Pemprov Sultra Perkuat Satu Data Indonesia, Layanan Publik Lebih Tepat Sasaran
- account_circle Olank Zakaria
- calendar_month Kam, 16 Apr 2026
- comment 0 komentar
KENDARI | SUARAEMPATPILAR.com — Pemerintah Provinsi Sulawesi Tenggara terus memperkuat kualitas layanan publik melalui pembenahan tata kelola data yang akurat, terintegrasi, dan dapat dipertanggungjawabkan. Upaya ini menjadi kunci agar setiap kebijakan benar-benar menjawab kebutuhan masyarakat secara tepat sasaran.
Hal tersebut disampaikan Pelaksana Tugas Kepala Dinas Komunikasi dan Informatika Sultra, Andi Syahrir dalam kegiatan penguatan penyelenggaraan Satu Data Indonesia wilayah Pulau Sulawesi di Kantor Gubernur Sultra, Rabu (15/4/2026).

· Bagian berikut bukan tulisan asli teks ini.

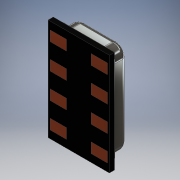
# Autodesk Inventor part: LGA
Saved by Autodesk Inventor 2016 (Build 200138000, 138)
## iProperties
Created: 2016-07-18
Part Number: LGA
Material: Generic
Document SubType Name: Modeling
Designer: Jonathan
Density: 1 g/cm^3
Appearance: Default
Author: Jonathan
Autodesk Inventor part; units mm, degrees
ref_plane "YZ Plane" through (0, 0, 0) normal (1, 0, 0) x (0, 1, 0)
ref_plane "XZ Plane" through (0, 0, 0) normal (0, 1, 0) x (-1, 0, 0)
ref_plane "XY Plane" through (0, 0, 0) normal (0, 0, 1) x (1, 0, 0)
sketch "Sketch1" plane through (0, 0, 0) normal (0, 1, 0) x (-1, 0, 0)
  line L0 (1.5, 2.5) -> (-1.5, 2.5)
  line L1 (-1.5, 2.5) -> (-1.5, -2.5)
  line L2 (-1.5, -2.5) -> (1.5, -2.5)
  line L3 (1.5, -2.5) -> (1.5, 2.5)
  line L4 (1.5, 2.5) -> (-1.5, -2.5) construction
  line L5 (-1.5, 2.5) -> (1.5, -2.5) construction
  point P0 (0, 0)
  dimension "d1" = 3
  dimension "d2" = 5
  constraints: 12 end point, 2 midpoint, 2 parallel, 1 horizontal, 1 perpendicular
  measures "d1" distance of L1.end L2.end
  measures "d2" distance of L0.end L1.end
extrude "Extrusion1" add sketch "Sketch1" along normal blind 0.25
sketch "Sketch2" plane through (0, 0.25, 0) normal (0, 1, 0) x (1, 0, 0)
  line L0 (1.4, -2.4) -> (-1.4, -2.4)
  line L1 (-1.4, -2.4) -> (-1.4, 2.4)
  line L2 (-1.4, 2.4) -> (1.4, 2.4)
  line L3 (1.4, 2.4) -> (1.4, -2.4)
  line L4 (1.4, -2.4) -> (-1.4, 2.4) construction
  line L5 (-1.4, -2.4) -> (1.4, 2.4) construction
  point P0 (0, 0)
  dimension "d5" = 4.8
  dimension "d6" = 2.8
  constraints: 12 end point, 2 midpoint, 2 parallel, 1 horizontal, 1 perpendicular
  measures "d5" distance of L0.end L1.end
  measures "d6" distance of L0.start L0.end
extrude "Extrusion2" add sketch "Sketch2" along normal blind 0.15 separate body
sketch "Sketch3" plane through (0, 0.4, 0) normal (0, 1, 0) x (1, 0, 0)
  line L0 (1.275, -2.275) -> (-1.275, -2.275)
  line L1 (-1.275, -2.275) -> (-1.275, 2.275)
  line L2 (-1.275, 2.275) -> (1.275, 2.275)
  line L3 (1.275, 2.275) -> (1.275, -2.275)
  line L4 (1.275, -2.275) -> (-1.275, 2.275) construction
  line L5 (-1.275, -2.275) -> (1.275, 2.275) construction
  point P0 (0, 0)
  dimension "d9" = 4.55
  dimension "d10" = 2.55
  constraints: 12 end point, 2 midpoint, 2 parallel, 1 horizontal, 1 perpendicular
  measures "d9" distance of L0.end L1.end
  measures "d10" distance of L1.end L2.end
extrude "Extrusion3" add sketch "Sketch3" along normal blind 0.7 bodies 2
sketch "Sketch4" plane through (0, 0, 0) normal (0, -1, 0) x (1, 0, 0)
  line L0 (1.4, -2.125) -> (0.6, -2.125)
  line L1 (0.6, -2.125) -> (0.6, -1.625)
  line L2 (0.6, -1.625) -> (1.4, -1.625)
  line L3 (1.4, -1.625) -> (1.4, -2.125)
  line L4 (1.4, -2.125) -> (0.6, -1.625) construction
  line L5 (0.6, -2.125) -> (1.4, -1.625) construction
  point P0 (0, 0)
  point P1 (1, -1.875)
  dimension "d13" = 0.8
  dimension "d14" = 0.5
  dimension "d15" = 1.875
  dimension "d16" = 1
  constraints: 12 end point, 2 midpoint, 2 parallel, 1 horizontal, 1 perpendicular
  measures "d13" distance of L0.start L0.end
  measures "d14" distance of L2.end L0.start
  measures "d15" vertical distance of point (0, 0) point (1, -1.875)
  measures "d16" horizontal distance of point (0, 0) point (1, -1.875)
extrude "Extrusion4" cut sketch "Sketch4" against normal blind 0.01 bodies 1
pattern_linear "Rectangular Pattern1" count 4 spacing 1.25 along (0, 0, 1) count 2 spacing 2 along (-1, 0, 0) of "Extrusion4" bodies 1
extrude "Extrusion5" add sketch "Sketch4" against normal blind 0.01 separate body
pattern_linear "Rectangular Pattern2" count 4 spacing 1.25 along (0, 0, 1) count 2 spacing 2 along (-1, 0, 0) of "Extrusion5" bodies 3
fillet "Fillet1" radius 0.5 4 edges at (-1.275, 0.75, -2.275) (1.275, 0.75, -2.275) (-1.275, 0.75, 2.275) (1.275, 0.75, 2.275)
fillet "Fillet2" radius 0.3 4 edges at (-1.4, 0.325, -2.4) (1.4, 0.325, -2.4) (-1.4, 0.325, 2.4) (1.4, 0.325, 2.4)
fillet "Fillet4" radius 0.25 8 edges at (-1.1286, 1.1, 2.1286) (0, 1.1, 2.275) (1.1286, 1.1, 2.1286) (1.275, 1.1, 0) (1.1286, 1.1, -2.1286) (0, 1.1, -2.275) (-1.1286, 1.1, -2.1286) (-1.275, 1.1, 0)
fillet "Fillet5" radius 0.05 16 edges at (1.3121, 0.4, 2.3121) (1.4, 0.4, 0) (1.3121, 0.4, -2.3121) (0, 0.4, -2.4) (-1.3121, 0.4, -2.3121) (-1.4, 0.4, 0) (-1.3121, 0.4, 2.3121) (0, 0.4, 2.4) (0, 0.4, 2.275) (1.1286, 0.4, 2.1286) (1.275, 0.4, 0) (1.1286, 0.4, -2.1286) (0, 0.4, -2.275) (-1.1286, 0.4, -2.1286) (-1.275, 0.4, 0) (-1.1286, 0.4, 2.1286)
body "Solid1"
body "Solid2"
body "Solid3"

Dalam sambutannya, Andi menegaskan bahwa di era transformasi digital, data memiliki peran krusial dalam menentukan arah pembangunan. Ketidaksinkronan data antarinstansi selama ini menjadi salah satu kendala utama dalam optimalisasi pelayanan publik.
“Melalui tata kelola data yang baik, pemerintah dapat menghadirkan layanan yang lebih cepat, tepat, dan efisien. Kita ingin memastikan tidak ada lagi perbedaan data yang menghambat pelayanan kepada masyarakat,” ujarnya.
Ia menjelaskan, implementasi Satu Data Indonesia merupakan langkah strategis dalam memperbaiki sistem pengelolaan data pemerintah. Dengan standar data dan metadata yang jelas, data lintas instansi dapat dibagi-pakaikan dan dimanfaatkan secara optimal untuk mendukung perencanaan pembangunan.
Menurutnya, penguatan koordinasi antara pemerintah provinsi dan kabupaten/kota menjadi fondasi penting menuju integrasi data nasional.
“Kami menitipkan pesan agar forum ini dimanfaatkan untuk memperkuat koordinasi. Tidak boleh lagi ada perbedaan data kemiskinan, pertanian, maupun kesehatan antarinstansi,” tegasnya.
Selain itu, peran walidata daerah dinilai sangat penting dalam menjaga kualitas data. Walidata tidak hanya mengumpulkan data, tetapi juga memastikan validitas, konsistensi, dan keterpaduannya sebelum dipublikasikan.
Sementara itu, Perencana Ahli Madya Direktorat Data Pembangunan dan Pemerintah Digital Kementerian PPN/Bappenas, Fandi P. Nurzaman menegaskan bahwa pembangunan ke depan harus berbasis data, bukan asumsi.
“Perencanaan pembangunan harus berangkat dari fakta di lapangan. Dengan data yang baik, program akan lebih tepat sasaran dan berdampak nyata bagi masyarakat,” jelasnya.
Ia menambahkan, Indeks Satu Data Indonesia kini menjadi indikator penting dalam RPJMN 2025–2029 serta bagian dari reformasi birokrasi dan transformasi pemerintahan digital.
Dengan demikian, penguatan kapasitas pengelolaan data di daerah menjadi langkah mendesak guna menciptakan tata kelola pemerintahan yang efektif, transparan, dan akuntabel.